Colin Henderson Andrew was born in Dundee in 1933, and worked as a junior for Bill McCail's Mallard Features studio in Glasgow. He drew cartoons for Lilliput, and wrote and drew a strip about anthropomorphised steam trains for a local newspaper. After his national service, he joined the King-Ganteaume studio in London, and drew westerns and historical strips for L. Miller & Son titles like Pancho Villa, Rocky Mountain King and TV Heroes. After the studio broke up, he continued to work for Kenneth King, drawing for Lone Star and Space Ace.
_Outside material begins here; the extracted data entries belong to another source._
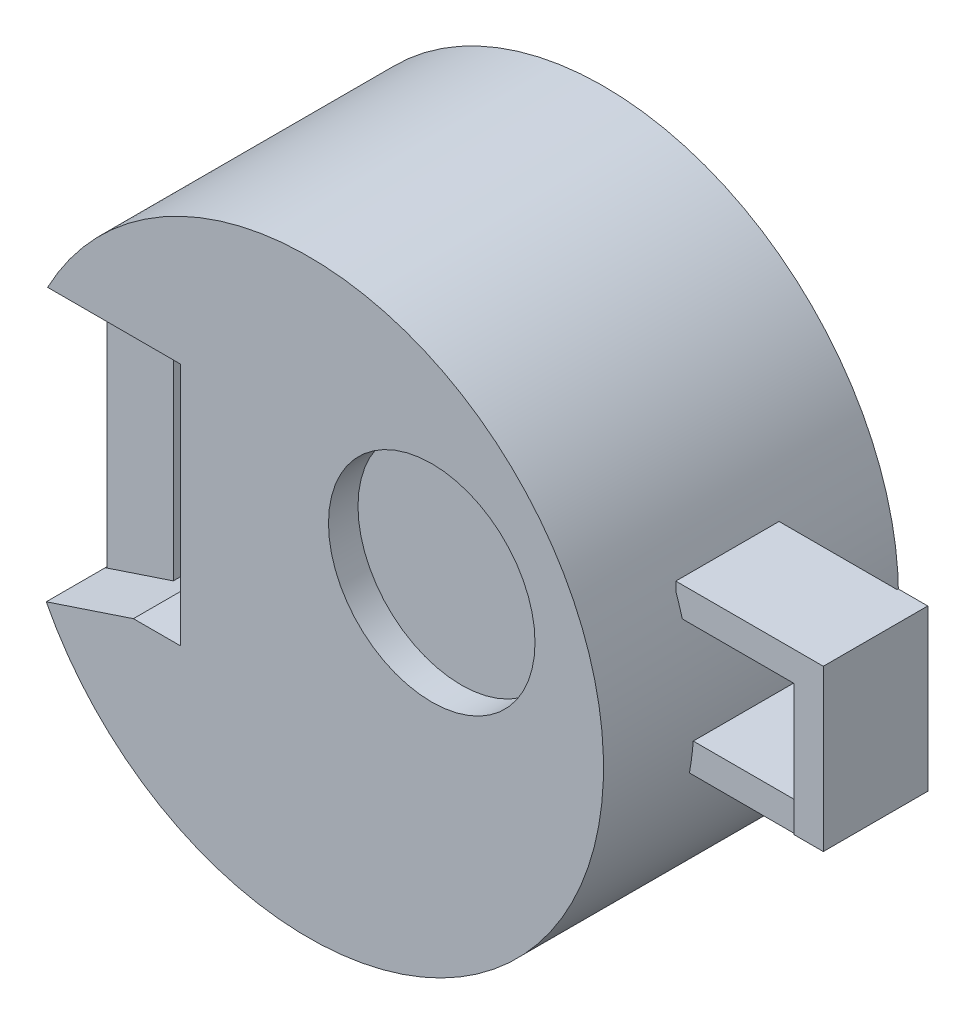
ISO-10303-21;
HEADER;
FILE_DESCRIPTION(('STEP AP214'),'2;1');
FILE_NAME('part.step','',(''),(''),'','','');
FILE_SCHEMA(('AUTOMOTIVE_DESIGN { 1 0 10303 214 1 1 1 1 }'));
ENDSEC;
DATA;
#1=APPLICATION_CONTEXT('core data for automotive mechanical design processes');
#2=APPLICATION_PROTOCOL_DEFINITION('international standard','automotive_design',2000,#1);
#3=PRODUCT_CONTEXT('',#1,'mechanical');
#4=PRODUCT('Part','Part','',(#3));
#5=PRODUCT_RELATED_PRODUCT_CATEGORY('part','',(#4));
#6=PRODUCT_DEFINITION_FORMATION('','',#4);
#7=PRODUCT_DEFINITION_CONTEXT('part definition',#1,'design');
#8=PRODUCT_DEFINITION('design','',#6,#7);
#9=PRODUCT_DEFINITION_SHAPE('','',#8);
#10=(LENGTH_UNIT() NAMED_UNIT(*) SI_UNIT(.MILLI.,.METRE.));
#11=(NAMED_UNIT(*) PLANE_ANGLE_UNIT() SI_UNIT($,.RADIAN.));
#12=(NAMED_UNIT(*) SI_UNIT($,.STERADIAN.) SOLID_ANGLE_UNIT());
#13=UNCERTAINTY_MEASURE_WITH_UNIT(LENGTH_MEASURE(1.E-05),#10,'distance_accuracy_value','');
#14=(GEOMETRIC_REPRESENTATION_CONTEXT(3) GLOBAL_UNCERTAINTY_ASSIGNED_CONTEXT((#13)) GLOBAL_UNIT_ASSIGNED_CONTEXT((#10,
#11,#12)) REPRESENTATION_CONTEXT('',''));
#15=CARTESIAN_POINT('',(0.,0.,0.));
#16=DIRECTION('',(0.,0.,1.));
#17=DIRECTION('',(1.,0.,0.));
#18=AXIS2_PLACEMENT_3D('',#15,#16,#17);
#19=CARTESIAN_POINT('',(0.,0.,10.));
#20=DIRECTION('',(0.,0.,-1.));
#21=DIRECTION('',(-1.,0.,0.));
#22=AXIS2_PLACEMENT_3D('',#19,#20,#21);
#23=CYLINDRICAL_SURFACE('',#22,10.);
#24=CARTESIAN_POINT('',(0.,0.,6.96903270702853));
#25=DIRECTION('',(0.,0.,-1.));
#26=DIRECTION('',(0.,1.,0.));
#27=AXIS2_PLACEMENT_3D('',#24,#25,#26);
#28=CIRCLE('',#27,10.);
#29=CARTESIAN_POINT('',(9.41818365738281,3.361222485318,6.96903270702853));
#30=VERTEX_POINT('',#29);
#31=CARTESIAN_POINT('',(9.63865793998496,2.66388308977043,6.96903270702853));
#32=VERTEX_POINT('',#31);
#33=EDGE_CURVE('E413',#30,#32,#28,.T.);
#34=ORIENTED_EDGE('',*,*,#33,.F.);
#35=DIRECTION('',(0.,0.,-1.));
#36=VECTOR('',#35,1.);
#37=CARTESIAN_POINT('',(9.41818365738281,3.361222485318,10.));
#38=LINE('',#37,#36);
#39=CARTESIAN_POINT('',(9.41818365738281,3.361222485318,3.46903270702853));
#40=VERTEX_POINT('',#39);
#41=EDGE_CURVE('E407',#40,#30,#38,.F.);
#42=ORIENTED_EDGE('',*,*,#41,.F.);
#43=CARTESIAN_POINT('',(0.,0.,3.46903270702853));
#44=DIRECTION('',(0.,0.,-1.));
#45=DIRECTION('',(-1.,0.,0.));
#46=AXIS2_PLACEMENT_3D('',#43,#44,#45);
#47=CIRCLE('',#46,10.);
#48=CARTESIAN_POINT('',(9.63865793998496,2.66388308977043,3.46903270702853));
#49=VERTEX_POINT('',#48);
#50=EDGE_CURVE('E410',#40,#49,#47,.T.);
#51=ORIENTED_EDGE('',*,*,#50,.T.);
#52=DIRECTION('',(0.,0.,-1.));
#53=VECTOR('',#52,1.);
#54=CARTESIAN_POINT('',(9.63865793998496,2.66388308977043,10.));
#55=LINE('',#54,#53);
#56=EDGE_CURVE('E59',#32,#49,#55,.T.);
#57=ORIENTED_EDGE('',*,*,#56,.F.);
#58=EDGE_LOOP('',(#34,#42,#51,#57));
#59=FACE_BOUND('',#58,.T.);
#60=CARTESIAN_POINT('',(0.,0.,0.));
#61=DIRECTION('',(0.,0.,1.));
#62=DIRECTION('',(1.,0.,0.));
#63=AXIS2_PLACEMENT_3D('',#60,#61,#62);
#64=CIRCLE('',#63,10.);
#65=CARTESIAN_POINT('',(-8.86165828998988,-4.63368237489943,0.));
#66=VERTEX_POINT('',#65);
#67=CARTESIAN_POINT('',(-8.84192912040633,4.67121926585667,0.));
#68=VERTEX_POINT('',#67);
#69=EDGE_CURVE('E389',#66,#68,#64,.T.);
#70=ORIENTED_EDGE('',*,*,#69,.T.);
#71=DIRECTION('',(0.,0.,1.));
#72=VECTOR('',#71,1.);
#73=CARTESIAN_POINT('',(-8.84192912040633,4.67121926585667,8.));
#74=LINE('',#73,#72);
#75=CARTESIAN_POINT('',(-8.84192912040633,4.67121926585667,10.));
#76=VERTEX_POINT('',#75);
#77=EDGE_CURVE('E361',#68,#76,#74,.T.);
#78=ORIENTED_EDGE('',*,*,#77,.T.);
#79=CARTESIAN_POINT('',(0.,0.,10.));
#80=DIRECTION('',(0.,0.,1.));
#81=DIRECTION('',(1.,0.,0.));
#82=AXIS2_PLACEMENT_3D('',#79,#80,#81);
#83=CIRCLE('',#82,10.);
#84=CARTESIAN_POINT('',(-8.888807860964,-4.58138568676167,10.));
#85=VERTEX_POINT('',#84);
#86=EDGE_CURVE('E396',#85,#76,#83,.T.);
#87=ORIENTED_EDGE('',*,*,#86,.F.);
#88=DIRECTION('',(0.,0.,1.));
#89=VECTOR('',#88,1.);
#90=CARTESIAN_POINT('',(-8.888807860964,-4.58138568676167,8.));
#91=LINE('',#90,#89);
#92=CARTESIAN_POINT('',(-8.888807860964,-4.58138568676167,8.));
#93=VERTEX_POINT('',#92);
#94=EDGE_CURVE('E359',#93,#85,#91,.T.);
#95=ORIENTED_EDGE('',*,*,#94,.F.);
#96=DIRECTION('',(0.,0.,-1.));
#97=VECTOR('',#96,1.);
#98=CARTESIAN_POINT('',(-8.888807860964,-4.58138568676167,10.));
#99=LINE('',#98,#97);
#100=CARTESIAN_POINT('',(-8.888807860964,-4.58138568676167,2.));
#101=VERTEX_POINT('',#100);
#102=EDGE_CURVE('E309',#93,#101,#99,.T.);
#103=ORIENTED_EDGE('',*,*,#102,.T.);
#104=CARTESIAN_POINT('',(0.,0.,2.));
#105=DIRECTION('',(0.,0.,1.));
#106=DIRECTION('',(1.,0.,0.));
#107=AXIS2_PLACEMENT_3D('',#104,#105,#106);
#108=CIRCLE('',#107,10.);
#109=CARTESIAN_POINT('',(-8.86165828998988,-4.63368237489943,2.));
#110=VERTEX_POINT('',#109);
#111=EDGE_CURVE('E346',#101,#110,#108,.T.);
#112=ORIENTED_EDGE('',*,*,#111,.T.);
#113=DIRECTION('',(0.,0.,-1.));
#114=VECTOR('',#113,1.);
#115=CARTESIAN_POINT('',(-8.86165828998988,-4.63368237489943,2.));
#116=LINE('',#115,#114);
#117=EDGE_CURVE('E343',#110,#66,#116,.T.);
#118=ORIENTED_EDGE('',*,*,#117,.T.);
#119=EDGE_LOOP('',(#70,#78,#87,#95,#103,#112,#118));
#120=FACE_BOUND('',#119,.T.);
#121=CARTESIAN_POINT('',(0.,0.,6.92901878914405));
#122=DIRECTION('',(0.,0.,-1.));
#123=DIRECTION('',(-1.,0.,0.));
#124=AXIS2_PLACEMENT_3D('',#121,#122,#123);
#125=CIRCLE('',#124,10.);
#126=CARTESIAN_POINT('',(9.96985180216051,-0.775922059846825,6.92901878914405));
#127=VERTEX_POINT('',#126);
#128=CARTESIAN_POINT('',(9.8410416540806,-1.77592205984683,6.92901878914405));
#129=VERTEX_POINT('',#128);
#130=EDGE_CURVE('E11',#127,#129,#125,.T.);
#131=ORIENTED_EDGE('',*,*,#130,.F.);
#132=DIRECTION('',(0.,0.,-1.));
#133=VECTOR('',#132,1.);
#134=CARTESIAN_POINT('',(9.96985180216051,-0.775922059846825,10.));
#135=LINE('',#134,#133);
#136=CARTESIAN_POINT('',(9.96985180216051,-0.775922059846825,3.42901878914405));
#137=VERTEX_POINT('',#136);
#138=EDGE_CURVE('E415',#127,#137,#135,.T.);
#139=ORIENTED_EDGE('',*,*,#138,.T.);
#140=CARTESIAN_POINT('',(0.,0.,3.42901878914405));
#141=DIRECTION('',(0.,0.,-1.));
#142=DIRECTION('',(0.,1.,0.));
#143=AXIS2_PLACEMENT_3D('',#140,#141,#142);
#144=CIRCLE('',#143,10.);
#145=CARTESIAN_POINT('',(9.8410416540806,-1.77592205984683,3.42901878914405));
#146=VERTEX_POINT('',#145);
#147=EDGE_CURVE('E418',#137,#146,#144,.T.);
#148=ORIENTED_EDGE('',*,*,#147,.T.);
#149=DIRECTION('',(0.,0.,-1.));
#150=VECTOR('',#149,1.);
#151=CARTESIAN_POINT('',(9.8410416540806,-1.77592205984683,10.));
#152=LINE('',#151,#150);
#153=EDGE_CURVE('E44',#129,#146,#152,.T.);
#154=ORIENTED_EDGE('',*,*,#153,.F.);
#155=EDGE_LOOP('',(#131,#139,#148,#154));
#156=FACE_BOUND('',#155,.T.);
#157=ADVANCED_FACE('F37',(#59,#120,#156),#23,.T.);
#158=CARTESIAN_POINT('',(-2.33883169330325,0.0118497963243738,8.));
#159=DIRECTION('',(0.,0.,1.));
#160=DIRECTION('',(1.,0.,0.));
#161=AXIS2_PLACEMENT_3D('',#158,#159,#160);
#162=PLANE('',#161);
#163=DIRECTION('',(-1.,0.,0.));
#164=VECTOR('',#163,1.);
#165=CARTESIAN_POINT('',(-5.93470943518337,4.67121926585667,8.));
#166=LINE('',#165,#164);
#167=CARTESIAN_POINT('',(-5.93470943518337,4.67121926585667,8.));
#168=VERTEX_POINT('',#167);
#169=CARTESIAN_POINT('',(-8.83452289982483,4.67121926585667,8.));
#170=VERTEX_POINT('',#169);
#171=EDGE_CURVE('E356',#168,#170,#166,.T.);
#172=ORIENTED_EDGE('',*,*,#171,.T.);
#173=DIRECTION('',(0.,1.,0.));
#174=VECTOR('',#173,1.);
#175=CARTESIAN_POINT('',(-8.83452289982483,4.67121926585667,8.));
#176=LINE('',#175,#174);
#177=CARTESIAN_POINT('',(-8.83452289982483,-4.56335129144562,8.));
#178=VERTEX_POINT('',#177);
#179=EDGE_CURVE('E299',#178,#170,#176,.T.);
#180=ORIENTED_EDGE('',*,*,#179,.F.);
#181=DIRECTION('',(0.949000595395018,0.315274277320401,0.));
#182=VECTOR('',#181,1.);
#183=CARTESIAN_POINT('',(-8.888807860964,-4.58138568676167,8.));
#184=LINE('',#183,#182);
#185=CARTESIAN_POINT('',(-6.58181634261719,-3.81496352932526,8.));
#186=VERTEX_POINT('',#185);
#187=EDGE_CURVE('E354',#178,#186,#184,.T.);
#188=ORIENTED_EDGE('',*,*,#187,.T.);
#189=DIRECTION('',(0.,-1.,0.));
#190=VECTOR('',#189,1.);
#191=CARTESIAN_POINT('',(-6.58181634261719,-3.81496352932526,8.));
#192=LINE('',#191,#190);
#193=CARTESIAN_POINT('',(-6.58181634261719,4.61463523566507,8.));
#194=VERTEX_POINT('',#193);
#195=EDGE_CURVE('E316',#194,#186,#192,.T.);
#196=ORIENTED_EDGE('',*,*,#195,.F.);
#197=DIRECTION('',(-1.,0.,0.));
#198=VECTOR('',#197,1.);
#199=CARTESIAN_POINT('',(-6.58181634261719,4.61463523566507,8.));
#200=LINE('',#199,#198);
#201=CARTESIAN_POINT('',(-5.93470943518337,4.61463523566507,8.));
#202=VERTEX_POINT('',#201);
#203=EDGE_CURVE('E313',#202,#194,#200,.T.);
#204=ORIENTED_EDGE('',*,*,#203,.F.);
#205=DIRECTION('',(0.,1.,0.));
#206=VECTOR('',#205,1.);
#207=CARTESIAN_POINT('',(-5.93470943518337,-3.59998351394886,8.));
#208=LINE('',#207,#206);
#209=EDGE_CURVE('E353',#202,#168,#208,.T.);
#210=ORIENTED_EDGE('',*,*,#209,.T.);
#211=EDGE_LOOP('',(#172,#180,#188,#196,#204,#210));
#212=FACE_BOUND('',#211,.T.);
#213=ADVANCED_FACE('F452',(#212),#162,.T.);
#214=CARTESIAN_POINT('',(-5.93470943518337,4.67121926585667,0.));
#215=DIRECTION('',(-1.,0.,0.));
#216=DIRECTION('',(0.,-1.,0.));
#217=AXIS2_PLACEMENT_3D('',#214,#215,#216);
#218=PLANE('',#217);
#219=ORIENTED_EDGE('',*,*,#209,.F.);
#220=DIRECTION('',(0.,0.,1.));
#221=VECTOR('',#220,1.);
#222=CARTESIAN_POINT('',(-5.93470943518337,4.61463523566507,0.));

He drew "Captain Morgan" for Zip in the late 1950s, and also drew for Disney's Mickey Mouse. In 1960 he became Sydney Jordan's assistant on Jeff Hawke in the Daily Express. He collaborated with Hawke writer Willie Patterson on two newspaper strips, one a history of the World Cup, the other on famous footballers, on "What is Exhibit X", a strip about a scientific investigator in Boys Word, and "The Guinea Pig" for Eagle. He aso drew "The Boy Who Knew Too Much" for Buster, "Tomorrow West" in Solo, "Fireball XL5" and "Stingray" for TV Century 21, "Alias Smith and Jones" for TV Action, "Stand and Deliver" for Eagle, and strips for Lion and Tiger. During the 1970s and 80s he concentrated on illustration, but he returned to comics in the 1990s, drawing for Doctor Who Magazine.

He died at the Royal Free Hospital in Hampstead in late February 2013.